▶ [Directions]: Locate, in the data below, the line that contains "R8: 12k; R_1206_3216Metric" and the line that contains "(B), R2.2, R3.1"; reproduce exactly those two lines and every line between them, nothing more.

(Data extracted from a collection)
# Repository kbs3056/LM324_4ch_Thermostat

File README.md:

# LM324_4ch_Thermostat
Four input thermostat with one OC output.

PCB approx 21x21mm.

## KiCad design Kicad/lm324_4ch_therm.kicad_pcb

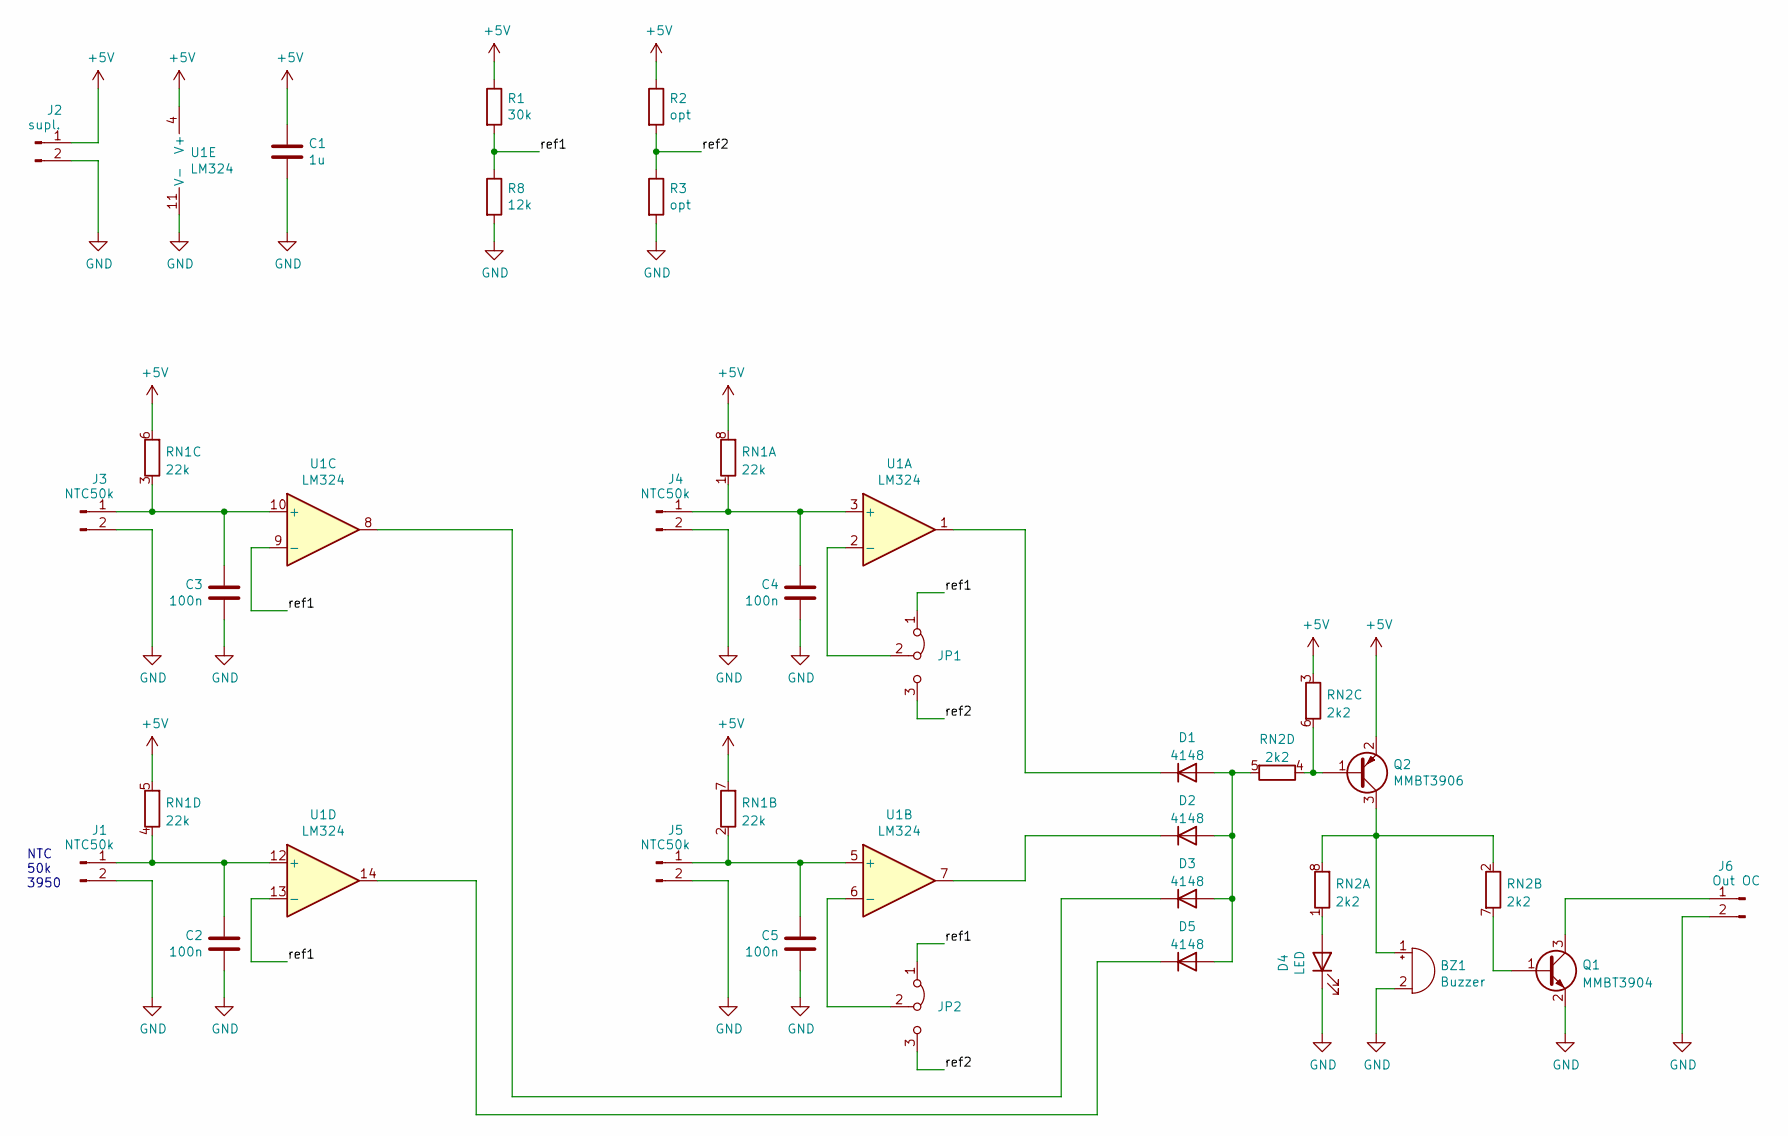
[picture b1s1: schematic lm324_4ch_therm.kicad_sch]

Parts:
BZ1: Buzzer; MagneticBuzzer_Kingstate_KCG0601
C1: 1u; C_0805_2012Metric
C2, C3, C4, C5: 100n; C_0805_2012Metric
D1, D2, D3, D5: 4148; D_MiniMELF
D4: LED; LED_D3.0mm
J1, J3, J4, J5: NTC50k; PinSocket_1x02_P2.54mm_Vertical
J2: supl.; PinSocket_1x02_P2.54mm_Vertical
J6: Out OC; PinSocket_1x02_P2.54mm_Vertical
JP1, JP2: Jumper_3_Bridged12; SolderJumper-3_P1.3mm_Bridged12_RoundedPad1.0x1.5mm_NumberL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
Q1: MMBT3904; SOT-23
Q2: MMBT3906; SOT-23
R1: 30k; R_1206_3216Metric
R2, R3: opt; R_1206_3216Metric
R8: 12k; R_1206_3216Metric
RN1: 22k; R_Array_Convex_4x0603
RN2: 2k2; R_Array_Convex_4x0603
U1: LM324; SOIC-14_3.9x8.7mm_P1.27mm

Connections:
+5V: C1.1, J2.1, Q2.2 (E), R1.1, R2.1, RN1.5 (R4.2), RN1.6 (R3.2), RN1.7 (R2.2), RN1.8 (R1.2), RN2.3 (R3.1), U1.4 (V+)
/ref1: JP1.1 (A), JP2.1 (A), R1.2, R8.1, U1.9 (-), U1.13 (-)
/ref2: JP1.3 (B), JP2.3 (B), R2.2, R3.1
GND: BZ1.2 (+), C1.2, C2.1, C3.1, C4.1, C5.1, D4.1 (K), J1.2, J2.2, J3.2, J4.2, J5.2, J6.2, Q1.2 (E), R3.2, R8.2, U1.11 (V-)
unnamed: D1.2 (A), D2.2 (A), D3.2 (A), D5.2 (A), RN2.5 (R4.2)
unnamed: D4.2 (A), RN2.1 (R1.1)
unnamed: C2.2, J1.1, RN1.4 (R4.1), U1.12 (+)
unnamed: J6.1, Q1.3 (C)
unnamed: Q1.1 (B), RN2.7 (R2.2)
unnamed: Q2.1 (B), RN2.4 (R4.1), RN2.6 (R3.2)
unnamed: BZ1.1 (-), Q2.3 (C), RN2.2 (R2.1), RN2.8 (R1.2)
unnamed: D1.1 (K), U1.1
unnamed: JP1.2 (C), U1.2 (-)
unnamed: C4.2, J4.1, RN1.1 (R1.1), U1.3 (+)
unnamed: C5.2, J5.1, RN1.2 (R2.1), U1.5 (+)
unnamed: JP2.2 (C), U1.6 (-)
unnamed: D2.1 (K), U1.7
unnamed: D3.1 (K), U1.8
unnamed: C3.2, J3.1, RN1.3 (R3.1), U1.10 (+)
unnamed: D5.1 (K), U1.14

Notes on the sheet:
NTC 50k 3950

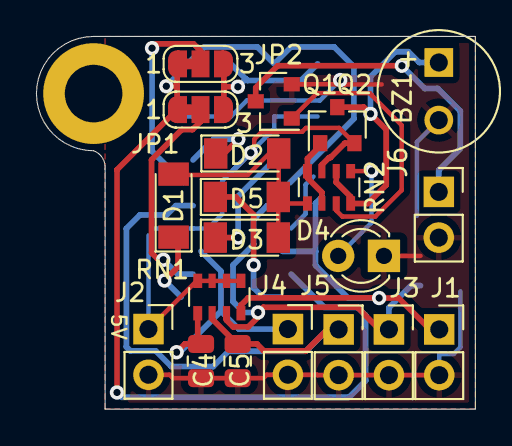
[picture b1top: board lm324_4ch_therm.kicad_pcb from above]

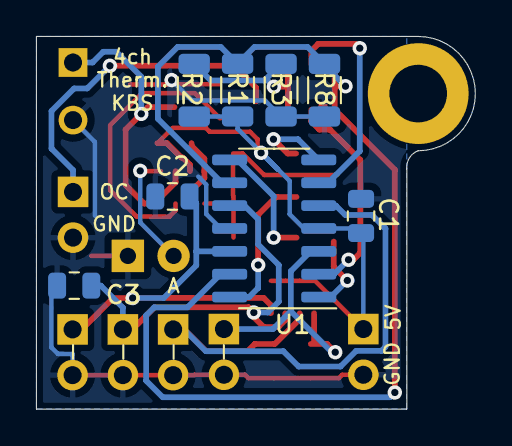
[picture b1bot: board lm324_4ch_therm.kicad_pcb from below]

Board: 2 copper layers, 24.4 x 20.7 mm, 29 parts (8 on the bottom side), 20 nets.

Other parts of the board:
REF2: MountingHole_3.2mm_M3_DIN965_Pad

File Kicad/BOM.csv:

Id,Designator,Package,Quantity,Designation,Description
1,"J1,J5,J4,J3",PinSocket_1x02_P2.54mm_Vertical,4,NTC50k,
2,D4,LED_D3.0mm,1,LED,
3,J2,PinSocket_1x02_P2.54mm_Vertical,1,supl.,
4,BZ1,MagneticBuzzer_Kingstate_KCG0601,1,Buzzer,5V gen.
5,"D1,D3,D5,D2",D_MiniMELF,4,1N4148,
6,RN2,R_Array_Convex_4x0603,1,2k2,
7,RN1,R_Array_Convex_4x0603,1,22k,
8,"JP2,JP1",SolderJumper-3_P1.3mm_Bridged12_RoundedPad1.0x1.5mm_NumberLabels,2,Jumper_3_Bridged12,
9,Q1,SOT-23,1,MMBT3904,
10,"C4,C5,C2,C3",C_0805_2012Metric,4,100n,
11,Q2,SOT-23,1,MMBT3906,
12,J6,PinSocket_1x02_P2.54mm_Vertical,1,Out OC,
13,C1,C_0805_2012Metric,1,1u,
14,R8,R_1206_3216Metric,1,12k,
15,U1,SOIC-14_3.9x8.7mm_P1.27mm,1,LM324,
16,R1,R_1206_3216Metric,1,30k,
17,"R2,R3",R_1206_3216Metric,2,opt,Optional
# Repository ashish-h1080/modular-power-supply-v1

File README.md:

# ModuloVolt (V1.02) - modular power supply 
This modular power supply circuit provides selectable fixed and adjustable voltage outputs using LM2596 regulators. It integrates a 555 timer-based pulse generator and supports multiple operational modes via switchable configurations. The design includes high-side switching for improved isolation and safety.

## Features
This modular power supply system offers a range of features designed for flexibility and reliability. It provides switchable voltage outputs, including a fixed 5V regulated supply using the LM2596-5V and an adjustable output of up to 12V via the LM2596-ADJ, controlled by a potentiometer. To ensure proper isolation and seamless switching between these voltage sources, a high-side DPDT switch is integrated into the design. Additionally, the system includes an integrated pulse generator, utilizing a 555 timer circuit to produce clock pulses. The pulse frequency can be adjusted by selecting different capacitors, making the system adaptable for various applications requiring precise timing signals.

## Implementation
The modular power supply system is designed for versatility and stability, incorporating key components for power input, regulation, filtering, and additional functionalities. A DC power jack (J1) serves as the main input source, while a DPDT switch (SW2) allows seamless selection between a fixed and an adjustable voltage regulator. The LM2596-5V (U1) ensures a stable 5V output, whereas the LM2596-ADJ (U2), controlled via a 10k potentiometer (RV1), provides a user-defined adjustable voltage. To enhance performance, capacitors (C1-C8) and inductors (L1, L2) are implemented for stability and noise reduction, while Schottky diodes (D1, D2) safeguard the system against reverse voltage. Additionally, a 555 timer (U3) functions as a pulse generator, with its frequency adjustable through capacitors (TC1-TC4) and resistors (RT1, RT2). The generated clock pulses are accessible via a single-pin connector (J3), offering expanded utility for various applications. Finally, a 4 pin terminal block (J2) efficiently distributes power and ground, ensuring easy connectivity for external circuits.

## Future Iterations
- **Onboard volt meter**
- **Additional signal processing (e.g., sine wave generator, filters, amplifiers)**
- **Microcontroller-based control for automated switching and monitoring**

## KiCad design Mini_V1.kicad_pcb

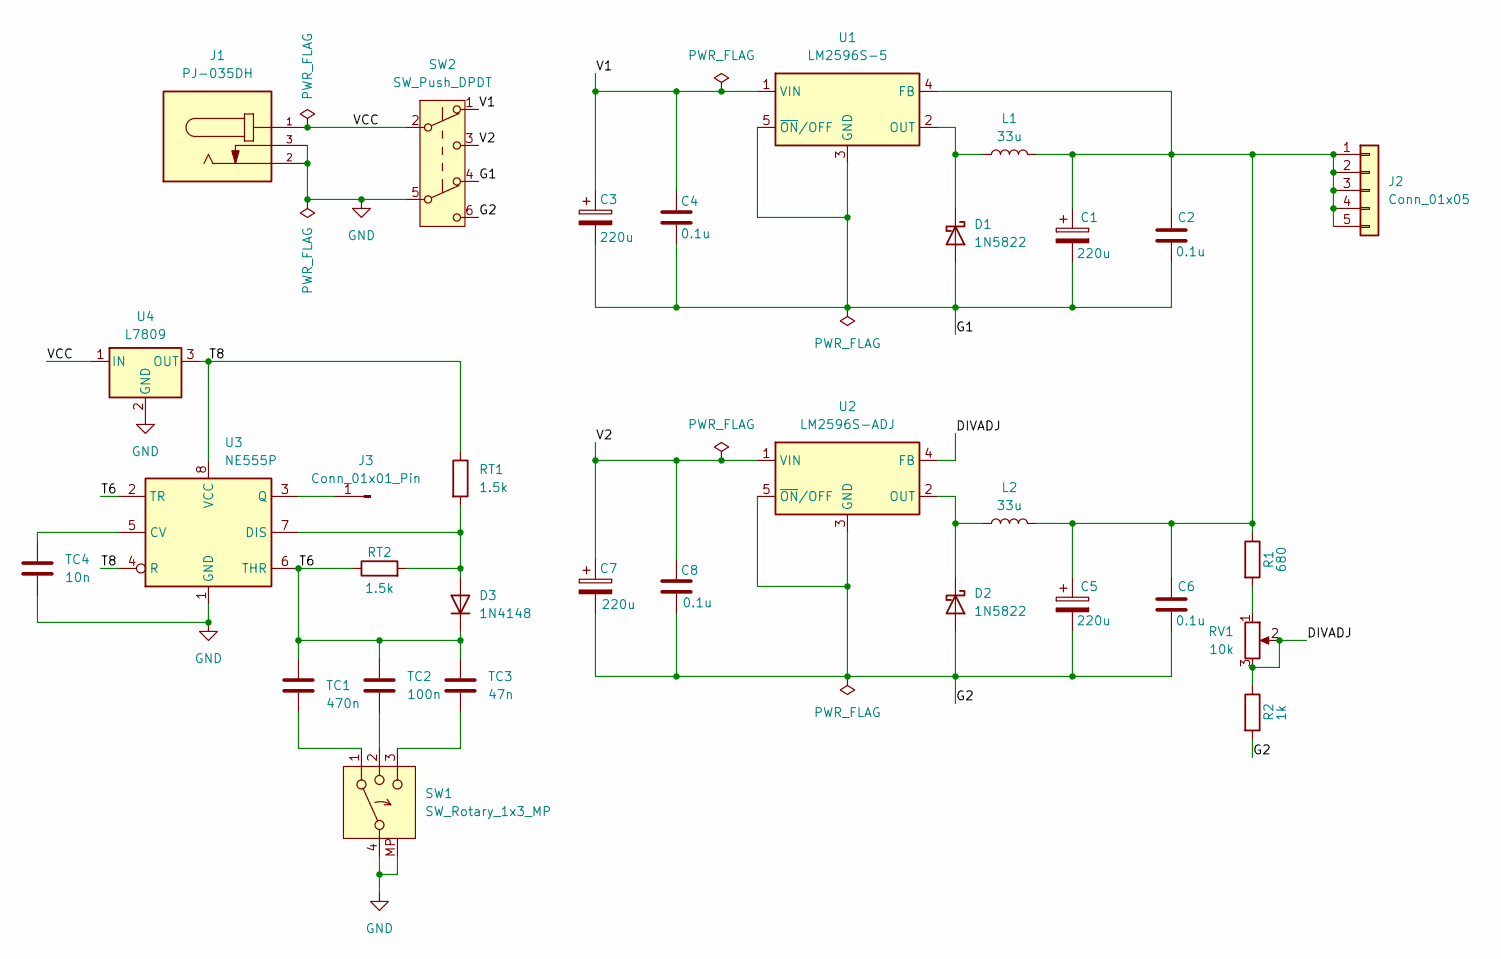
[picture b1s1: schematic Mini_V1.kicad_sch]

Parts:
C1, C3, C5, C7: 220u; CP_Radial_D8.0mm_P3.50mm
C2, C4, C6, C8: 0.1u; C_0805_2012Metric_Pad1.18x1.45mm_HandSolder
D1, D2: 1N5822; D_DO-201AD_P12.70mm_Horizontal
D3: 1N4148; D_DO-35_SOD27_P7.62mm_Horizontal
J1: PJ-035DH; CUI_PJ-035DH; PARTREV 1.05
J2: Conn_01x05; PinHeader_1x05_P2.00mm_Vertical
J3: Conn_01x01_Pin; PinHeader_1x01_P2.00mm_Vertical
L1, L2: 33u; INDP125125X600N
R1: 680; R_Axial_DIN0309_L9.0mm_D3.2mm_P12.70mm_Horizontal
R2: 1k; R_Axial_DIN0309_L9.0mm_D3.2mm_P12.70mm_Horizontal
RT1, RT2: 1.5k; R_0805_2012Metric_Pad1.20x1.40mm_HandSolder
RV1: 10k; Potentiometer_Piher_PC-16_Single_Horizontal
SW1: SW_Rotary_1x3_MP; RotaryEncoder_Bourns_Vertical_PEC12R-3x17F-Nxxxx(custom)
SW2: SW_Push_DPDT; SW_TL2230OAF140
TC1: 470n; C_0805_2012Metric_Pad1.18x1.45mm_HandSolder
TC2: 100n; C_0805_2012Metric_Pad1.18x1.45mm_HandSolder
TC3: 47n; C_0805_2012Metric_Pad1.18x1.45mm_HandSolder
TC4: 10n; C_0805_2012Metric_Pad1.18x1.45mm_HandSolder
U1: LM2596S-5; TO-263-5_TabPin3
U2: LM2596S-ADJ; TO-263-5_TabPin3
U3: NE555P; DIP-8_W7.62mm
U4: L7809; TO-220-3_Horizontal_TabDown

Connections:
/DIVADJ: R2.1, RV1.2, RV1.3, U2.4 (FB)
/G1: C1.2, C2.2, C3.2, C4.2, D1.2 (A), SW2.4 (A), U1.3 (GND), U1.5 (~ON/OFF)
/G2: C5.2, C6.2, C7.2, C8.2, D2.2 (A), R2.2, SW2.6 (C), U2.3 (GND), U2.5 (~ON/OFF)
/T6: D3.1 (K), RT2.1, TC1.1, TC2.1, TC3.1, U3.2 (TR), U3.6 (THR)
/T8: RT1.1, U3.4 (R), U3.8 (VCC), U4.3 (OUT)
/V1: C3.1, C4.1, SW2.1 (A), U1.1 (VIN)
/V2: C7.1, C8.1, SW2.3 (C), U2.1 (VIN)
/VCC: J1.1, SW2.2 (B), U4.1 (IN)
GND: J1.2, J1.3, SW1.4, SW1.MP, SW2.5 (B), TC4.2, U3.1 (GND), U4.2 (GND)
unnamed: D1.1 (K), L1.1, U1.2 (OUT)
unnamed: D2.1 (K), L2.1, U2.2 (OUT)
unnamed: D3.2 (A), RT1.2, RT2.2, U3.7 (DIS)
unnamed: C1.1, C2.1, C5.1, C6.1, J2.1, J2.2, J2.3, J2.4, J2.5, L1.2, L2.2, R1.1, U1.4 (FB)
unnamed: J3.1, U3.3 (Q)
unnamed: R1.2, RV1.1
unnamed: SW1.1, TC1.2
unnamed: SW1.2, TC2.2
unnamed: SW1.3, TC3.2
unnamed: TC4.1, U3.5 (CV)

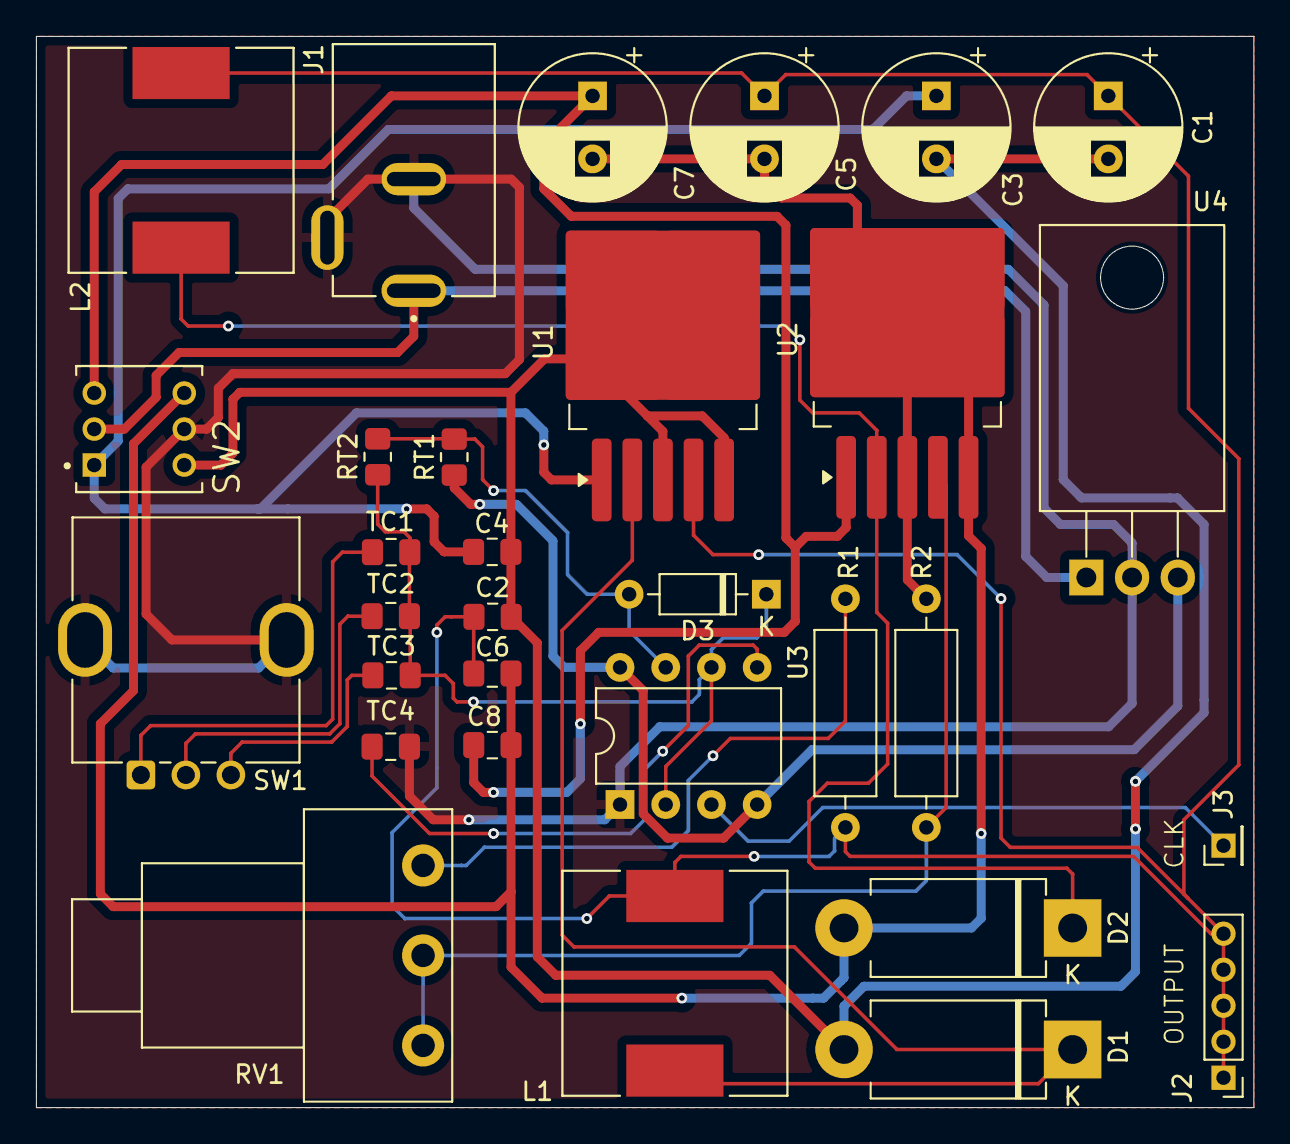
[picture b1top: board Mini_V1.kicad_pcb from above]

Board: 2 copper layers, 67.6 x 59.5 mm, 31 parts (0 on the bottom side), 19 nets.

▶ [Solution]:
R8: 12k; R_1206_3216Metric
RN1: 22k; R_Array_Convex_4x0603
RN2: 2k2; R_Array_Convex_4x0603
U1: LM324; SOIC-14_3.9x8.7mm_P1.27mm

Connections:
+5V: C1.1, J2.1, Q2.2 (E), R1.1, R2.1, RN1.5 (R4.2), RN1.6 (R3.2), RN1.7 (R2.2), RN1.8 (R1.2), RN2.3 (R3.1), U1.4 (V+)
/ref1: JP1.1 (A), JP2.1 (A), R1.2, R8.1, U1.9 (-), U1.13 (-)
/ref2: JP1.3 (B), JP2.3 (B), R2.2, R3.1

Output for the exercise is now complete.